While the European Union is working on the AI Act, which will require companies to disclose some model transparency, advocates argue that AI developers should be compelled to share the specifics of their training data, including the precise work used to create their AI models.
Also Read: Negative Content From ChatGPT Jailbreak Can Be a Global Threat
Conclusion
In the face of AI’s rapid advancement, copyright law is facing its most formidable challenge yet. The authors are grappling with a complex and evolving legal landscape. The outcome of ongoing copyright disputes will undoubtedly shape the future of AI-generated content and the rights of authors in this digital age.
Frequently Asked Questions
What Are Current Copyright Laws Regarding Work Created by Artificial Intelligence?
The copyright laws regarding AI-produced works vary by nation.

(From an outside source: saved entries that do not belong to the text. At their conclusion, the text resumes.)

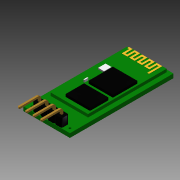
# Autodesk Inventor part: JY-MCU Bluetooth Board
Saved by Autodesk Inventor 2014 (Build 180170000, 170)
## iProperties
Created: 2014-02-20
Part Number: JY-MCU Bluetooth Board
Material: PAEK Plastic
Document SubType Name: Modeling
Designer: Spooner
Density: 1.32 g/cm^3
Appearance: Dark Green
Author: Spooner
Autodesk Inventor part; units mm, degrees
ref_plane "YZ Plane" through (0, 0, 0) normal (1, 0, 0) x (0, 1, 0)
ref_plane "XZ Plane" through (0, 0, 0) normal (0, 1, 0) x (-1, 0, 0)
ref_plane "XY Plane" through (0, 0, 0) normal (0, 0, 1) x (1, 0, 0)
sketch "Sketch1" plane through (0, 0, 0) normal (0, 1, 0) x (-1, 0, 0)
  line L0 (0, 0) -> (15.9512, 0)
  line L1 (15.9512, 0) -> (15.9512, 35.56)
  line L2 (15.9512, 35.56) -> (0, 35.56)
  line L3 (0, 35.56) -> (0, 0)
  dimension "d0" = 15.9512
  dimension "d1" = 35.56
  constraints: 8 end point, 2 parallel, 1 horizontal, 1 perpendicular
  measures "d0" distance of L0.start L0.end
  measures "d1" distance of L2.end L0.start
extrude "Extrusion1" add sketch "Sketch1" along normal blind 1.397
sketch "Sketch2" plane through (0, 1.397, 0) normal (0, 1, 0) x (1, 0, 0)
  line L0 (0, 0) -> (-15.9512, 0) projected
  line L1 (-15.9512, 0) -> (-15.9512, -35.56) projected
  line L2 (0, -35.56) -> (0, 0) projected
  line L3 (-14.3891, -0.762) -> (-1.5621, -0.762)
  line L4 (-1.5621, -0.762) -> (-1.5621, -27.7622)
  line L5 (-1.5621, -27.7622) -> (-14.3891, -27.7622)
  line L6 (-14.3891, -27.7622) -> (-14.3891, -0.762)
  dimension "d4" = 12.827
  dimension "d5" = 1.5621
  dimension "d6" = 1.5621
  dimension "d7" = 27.0002
  dimension "d8" = 0.762
  constraints: 8 end point, 2 parallel, 1 horizontal, 1 perpendicular
  measures "d4" distance of L4.end L5.end
  measures "d5" distance between parallel lines of L2 L4
  measures "d6" distance between parallel lines of L1 L6
  measures "d7" distance of L5.end L3.start
  measures "d8" distance between parallel lines of L0 L3
extrude "Extrusion2" add sketch "Sketch2" along normal blind 1.016
sketch "Sketch3" plane through (0, 2.413, 0) normal (0, 1, 0) x (1, 0, 0)
  line L0 (-1.5621, -0.762) -> (-14.3891, -0.762) projected
  line L1 (-1.5621, -27.7622) -> (-1.5621, -0.762) projected
  line L2 (-10.5537, -10.2362) -> (-2.1717, -10.2362)
  line L3 (-2.1717, -10.2362) -> (-2.1717, -18.6182)
  line L4 (-2.1717, -18.6182) -> (-10.5537, -18.6182)
  line L5 (-10.5537, -18.6182) -> (-10.5537, -10.2362)
  line L6 (-10.5537, -26.4922) -> (-2.1717, -26.4922)
  line L7 (-2.1717, -26.4922) -> (-2.1717, -20.1422)
  line L8 (-2.1717, -20.1422) -> (-10.5537, -20.1422)
  line L9 (-10.5537, -20.1422) -> (-10.5537, -26.4922)
  point P0 (0, 0)
  dimension "d11" = 8.382
  dimension "d12" = 6.35
  dimension "d13" = 1.524
  dimension "d14" = 9.4742
  dimension "d15" = 0.6096
  constraints: 16 end point, 4 parallel, 3 perpendicular, 2 horizontal, 2 vertical alignment
  measures "d11" distance of L2.end L3.end
  measures "d12" distance of L6.end L7.end
  measures "d13" distance between parallel lines of L8 L4
  measures "d14" distance between parallel lines of L0 L2
  measures "d15" distance between parallel lines of L1 L7
extrude "Extrusion3" add sketch "Sketch3" along normal blind 0.8382
sketch "Sketch4" plane through (0, 1.397, 0) normal (0, 1, 0) x (1, 0, 0)
  line L0 (-15.9512, 0) -> (-15.9512, -35.56) projected
  line L1 (-15.9512, -35.56) -> (0, -35.56) projected
  line L2 (0, -35.56) -> (0, 0) projected
  circle A0 centre (-14.4653, -34.0741) radius 0.3683
  circle A1 centre (-1.4859, -34.0741) radius 0.3683
  dimension "d18" = 0.7366
  dimension "d19" = 1.1176
  dimension "d20" = 1.1176
  dimension "d21" = 1.1176
  constraints: 2 centre point, 1 equal radius, 1 horizontal alignment
  measures "d18" diameter of A0
  measures "d19" distance edge to line of A0 L0
  measures "d20" distance edge to line of A1 L2
  measures "d21" distance edge to line of A0 L1
extrude "Extrusion4" cut sketch "Sketch4" against normal through all
sketch "Sketch5" plane through (0, 1.397, 0) normal (0, 1, 0) x (1, 0, 0)
  line L0 (-15.9512, 0) -> (-15.9512, -35.56) projected
  line L1 (-15.9512, -35.56) -> (0, -35.56) projected
  line L2 (-13.0302, -32.9946) -> (-10.5664, -32.9946)
  line L3 (-10.5664, -32.9946) -> (-10.5664, -35.4584)
  line L4 (-10.5664, -35.4584) -> (-13.0302, -35.4584)
  line L5 (-13.0302, -35.4584) -> (-13.0302, -32.9946)
  dimension "d24" = 2.4638
  dimension "d25" = 0.1016
  dimension "d26" = 2.921
  constraints: 8 end point, 2 parallel, 2 perpendicular, 1 horizontal
  measures "d24" distance of L4.end L2.start
  measures "d25" distance between parallel lines of L1 L4
  measures "d26" distance between parallel lines of L0 L5
extrude "Extrusion5" add sketch "Sketch5" along normal blind 2.8702
fillet "Fillet1" radius 0.508 4 edges at (-10.5664, 2.8321, 35.4584) (-13.0302, 2.8321, 35.4584) (-10.5664, 2.8321, 32.9946) (-13.0302, 2.8321, 32.9946)
ref_plane "Work Plane1" through (-12.2682, 1.397, 33.5026) normal (-1, 0, 0) x (0, 0, 1)
sketch "Sketch6" plane through (-12.2682, 1.397, 33.5026) normal (-1, 0, 0) x (0, 0, 1)
  line L0 (0.254, 2.8702) -> (0.254, 3.6322)
  arc A0 (1.397, 4.7752) -> (0.254, 3.6322) centre (1.397, 3.6322) ccw
  line L1 (1.397, 4.7752) -> (7.874, 4.7752)
  line L2 (7.874, 4.7752) -> (7.874, 4.1402)
  line L3 (7.874, 4.1402) -> (1.397, 4.1402)
  arc A1 (1.397, 4.1402) -> (0.889, 3.6322) centre (1.397, 3.6322) ccw
  line L4 (0.889, 3.6322) -> (0.889, 2.8702)
  line L5 (0.889, 2.8702) -> (0.254, 2.8702)
  line L6 (0, 2.8702) -> (0, 0) projected
  line L7 (1.4478, 2.8702) -> (0, 2.8702) projected
  line L8 (1.4478, 0) -> (1.4478, 2.8702) projected
  line L9 (0, 0) -> (1.4478, 0) projected
  line L10 (-0.508, 2.8702) -> (0, 2.8702) projected
  line L11 (1.4478, 2.8702) -> (1.9558, 2.8702) projected
  point P0 (-33.5026, -1.397)
  dimension "d34" = 0.635
  dimension "d35" = 0.635
  dimension "d36" = 0.635
  dimension "d37" = 1.905
  dimension "d38" = 7.62
  dimension "d39" = 0.762
  dimension "d40" = 1.143
  constraints: 12 end point, 4 perpendicular, 4 point on circle, 4 tangent, 2 centre point, 1 parallel, 1 point on line, 1 vertical
  measures "d34" distance between parallel lines of L3 L1
  measures "d35" distance between parallel lines of L0 L4
  measures "d36" radial gap between concentric circles of A0 A1
  measures "d37" distance from line of L7.start L1
  measures "d38" distance between parallel lines of L0 L2
  measures "d39" distance from line of L10.start L0
  measures "d40" radius of A0
extrude "Extrusion6" add sketch "Sketch6" against normal blind 0.635 contours L0 A0 L1 L2 L3 A1 L4 L5
chamfer "Chamfer1" distance 0.254 angle 45 4 edges at (-11.9507, 6.1722, 41.3766) (-11.6332, 5.8547, 41.3766) (-11.9507, 5.5372, 41.3766) (-12.2682, 5.8547, 41.3766)
sketch "Sketch7" plane through (0, 0, 0) normal (0, -1, 0) x (1, 0, 0)
  line L0 (-12.2682, 33.7566) -> (-11.6332, 33.7566) projected
  line L1 (-12.2682, 34.3916) -> (-12.2682, 33.7566) projected
  line L2 (-11.6332, 34.3916) -> (-12.2682, 34.3916) projected
  line L3 (-11.6332, 33.7566) -> (-11.6332, 34.3916) projected
  circle A0 centre (-11.9507, 34.0741) radius 0.3175
  constraints: 3 tangent, 1 centre point
extrude "Extrusion7" add sketch "Sketch7" along normal blind 0.508 contours A0
chamfer "Chamfer2" distance 0.254 angle 45 1 edges at (-12.2682, -0.508, 34.0741)
fillet "Fillet2" radius 0.254 1 edges at (-12.2682, 0, 34.0741)
pattern_linear "Rectangular Pattern2" count 4 spacing 2.54 along (1, 0, 0) of "Extrusion5", "Fillet1", "Extrusion6", "Chamfer1", "Extrusion7", "Chamfer2", "Fillet2"
sketch "Sketch8" plane through (0, 2.413, 0) normal (0, 1, 0) x (1, 0, 0)
  line L0 (-2.1717, -18.6182) -> (-10.5537, -18.6182) projected
  line L1 (-10.5537, -18.6182) -> (-10.5537, -10.2362) projected
  line L2 (-11.9253, -17.653) -> (-11.5443, -17.653)
  line L3 (-11.5443, -17.653) -> (-11.5443, -18.9992)
  line L4 (-11.5443, -18.9992) -> (-11.9253, -18.9992)
  line L5 (-11.9253, -18.9992) -> (-11.9253, -17.653)
  point P0 (0, 0)
  dimension "d55" = 1.3462
  dimension "d56" = 0.381
  dimension "d57" = 0.9906
  dimension "d58" = 0.381
  constraints: 8 end point, 2 parallel, 1 horizontal, 1 perpendicular
  measures "d55" distance of L4.end L2.start
  measures "d56" distance of L3.end L4.end
  measures "d57" distance between parallel lines of L3 L1
  measures "d58" distance between parallel lines of L0 L4
extrude "Extrusion8" add sketch "Sketch8" along normal blind 0.762
sketch "Sketch9" plane through (0, 2.413, 0) normal (0, 1, 0) x (1, 0, 0)
  line L0 (-1.5621, -0.762) -> (-14.3891, -0.762) projected
  line L1 (-14.3891, -0.762) -> (-14.3891, -27.7622) projected
  line L2 (-1.5621, -27.7622) -> (-1.5621, -0.762) projected
  line L3 (-14.3891, -0.8636) -> (-13.1191, -0.8636)
  line L4 (-13.1191, -0.8636) -> (-13.1191, -3.4036)
  line L5 (-13.1191, -3.4036) -> (-12.4841, -3.4036)
  line L6 (-12.4841, -3.4036) -> (-12.4841, -0.8636)
  line L7 (-12.4841, -0.8636) -> (-10.5791, -0.8636)
  line L8 (-10.5791, -0.8636) -> (-10.5791, -3.4036)
  line L9 (-10.5791, -3.4036) -> (-9.9441, -3.4036)
  line L10 (-9.9441, -3.4036) -> (-9.9441, -0.8636)
  line L11 (-9.9441, -0.8636) -> (-8.0391, -0.8636)
  line L12 (-8.0391, -0.8636) -> (-8.0391, -3.4036)
  line L13 (-8.0391, -3.4036) -> (-7.4041, -3.4036)
  line L14 (-7.4041, -3.4036) -> (-7.4041, -0.8636)
  line L15 (-7.4041, -0.8636) -> (-5.4991, -0.8636)
  line L16 (-5.4991, -0.8636) -> (-5.4991, -3.4036)
  line L17 (-5.4991, -3.4036) -> (-4.8641, -3.4036)
  line L18 (-4.8641, -3.4036) -> (-4.8641, -0.8636)
  line L19 (-4.8641, -0.8636) -> (-2.9591, -0.8636)
  line L20 (-2.9591, -0.8636) -> (-2.9591, -5.4356)
  line L21 (-2.9591, -5.4356) -> (-3.5941, -5.4356)
  line L22 (-3.5941, -5.4356) -> (-3.5941, -1.4986)
  line L23 (-3.5941, -1.4986) -> (-4.2291, -1.4986)
  line L24 (-4.2291, -1.4986) -> (-4.2291, -4.0386)
  line L25 (-4.2291, -4.0386) -> (-6.1341, -4.0386)
  line L26 (-6.1341, -4.0386) -> (-6.1341, -1.4986)
  line L27 (-6.1341, -1.4986) -> (-6.7691, -1.4986)
  line L28 (-6.7691, -1.4986) -> (-6.7691, -4.0386)
  line L29 (-6.7691, -4.0386) -> (-8.6741, -4.0386)
  line L30 (-8.6741, -4.0386) -> (-8.6741, -1.4986)
  line L31 (-8.6741, -1.4986) -> (-9.3091, -1.4986)
  line L32 (-9.3091, -1.4986) -> (-9.3091, -4.0386)
  line L33 (-9.3091, -4.0386) -> (-11.2141, -4.0386)
  line L34 (-11.2141, -4.0386) -> (-11.2141, -1.4986)
  line L35 (-11.2141, -1.4986) -> (-11.8491, -1.4986)
  line L36 (-11.8491, -1.4986) -> (-11.8491, -4.0386)
  line L37 (-11.8491, -4.0386) -> (-13.7541, -4.0386)
  line L38 (-13.7541, -4.0386) -> (-13.7541, -1.4986)
  line L39 (-13.7541, -1.4986) -> (-14.3891, -1.4986)
  line L40 (-14.3891, -0.8636) -> (-14.3891, -1.4986)
  point P0 (0, 0)
  dimension "d61" = 0.635
  dimension "d62" = 0.635
  dimension "d63" = 0.635
  dimension "d64" = 0.635
  dimension "d65" = 0.635
  dimension "d66" = 0.635
  dimension "d67" = 0.635
  dimension "d68" = 0.635
  dimension "d69" = 0.635
  dimension "d70" = 0.635
  dimension "d71" = 0.635
  dimension "d72" = 0.635
  dimension "d73" = 0.635
  dimension "d74" = 0.635
  dimension "d75" = 0.635
  dimension "d76" = 0.635
  dimension "d77" = 0.635
  dimension "d78" = 0.635
  dimension "d79" = 0.635
  dimension "d80" = 0.635
  dimension "d81" = 1.397
  dimension "d82" = 3.175
  dimension "d83" = 0.1016
  dimension "d84" = 4.572
  constraints: 76 end point, 21 parallel, 14 horizontal alignment, 13 perpendicular, 4 collinear, 2 point on line
  measures "d61" distance between parallel lines of L3 L39
  measures "d62" distance between parallel lines of L38 L4
  measures "d63" distance between parallel lines of L37 L5
  measures "d64" distance between parallel lines of L36 L6
  measures "d65" distance between parallel lines of L8 L34
  measures "d66" distance between parallel lines of L32 L10
  measures "d67" distance between parallel lines of L12 L30
  measures "d68" distance between parallel lines of L28 L14
  measures "d69" distance between parallel lines of L26 L16
  measures "d70" distance between parallel lines of L24 L18
  measures "d71" distance between parallel lines of L20 L22
  measures "d72" distance between parallel lines of L6 L4
  measures "d73" distance between parallel lines of L36 L34
  measures "d74" distance between parallel lines of L10 L8
  measures "d75" distance between parallel lines of L30 L32
  measures "d76" distance between parallel lines of L14 L12
  measures "d77" distance between parallel lines of L26 L28
  measures "d78" distance between parallel lines of L18 L16
  measures "d79" distance between parallel lines of L22 L24
  measures "d80" distance between parallel lines of L1 L38
  measures "d81" distance between parallel lines of L2 L20
  measures "d82" distance between parallel lines of L37 L3
  measures "d83" distance between parallel lines of L0 L7
  measures "d84" distance of L19.end L20.end
extrude "Extrusion9" add sketch "Sketch9" along normal blind 0.1016
sketch "Sketch10" plane through (0, 2.413, 0) normal (0, 1, 0) x (1, 0, 0)
  line L0 (-10.5537, -18.6182) -> (-10.5537, -10.2362) projected
  line L1 (-13.0937, -10.2362) -> (-11.0617, -10.2362)
  line L2 (-11.0617, -10.2362) -> (-11.0617, -12.7762)
  line L3 (-11.0617, -12.7762) -> (-13.0937, -12.7762)
  line L4 (-13.0937, -12.7762) -> (-13.0937, -10.2362)
  point P0 (0, 0)
  dimension "d87" = 2.54
  dimension "d88" = 2.032
  dimension "d89" = 0.508
  constraints: 8 end point, 2 parallel, 1 horizontal, 1 horizontal alignment, 1 perpendicular
  measures "d87" distance of L3.end L1.start
  measures "d88" distance of L1.start L1.end
  measures "d89" distance between parallel lines of L0 L2
extrude "Extrusion10" add sketch "Sketch10" along normal blind 0.508
ref_plane "Work Plane2" through (-9.7282, 1.397, 33.5026) normal (-1, 0, 0) x (0, 0, 1)
ref_plane "Work Plane3" through (-7.1882, 1.397, 33.5026) normal (-1, 0, 0) x (0, 0, 1)
ref_plane "Work Plane4" through (-4.6482, 1.397, 33.5026) normal (-1, 0, 0) x (0, 0, 1)
equation "\"d5\" = d6"
equation "\"d20\" = d19"
equation "\"d21\" = d19"
equation "\"d35\" = d34"
equation "\"d36\" = d34"
equation "\"d62\" = d61"
equation "\"d63\" = d62"
equation "\"d64\" = d62"
equation "\"d65\" = d62"
equation "\"d66\" = d65"
equation "\"d67\" = d65"
equation "\"d68\" = d67"
equation "\"d69\" = d68"
equation "\"d70\" = d69"
equation "\"d71\" = d70"
equation "\"d72\" = d62"
equation "\"d73\" = d64"
equation "\"d74\" = d64"
equation "\"d75\" = d74"
equation "\"d76\" = d75"
equation "\"d77\" = d76"
equation "\"d78\" = d77"
equation "\"d79\" = d78"
body "Solid1"

For instance, in the US, the US Copyright Office does not register works created by AI without human involvement. In the UK, the UK Intellectual Property Office has adopted a similar stance.
How Can Authors Check if Their Books Are in Books3?
Authors can check if their books are in Books3 by using the search tools introduced by The Atlantic. The tool allows authors to enter their book titles or ISBNs and see if they match any of the works in the dataset.
What Are Some of the AI Models That Have Used Books3 as a Training Dataset?
The Books3 dataset comprises 183,000 books sourced from unauthorised platforms. It has been utilised by companies such as Meta (Developers of LLaMA), EleutherAI, and Bloomberg for training their language models.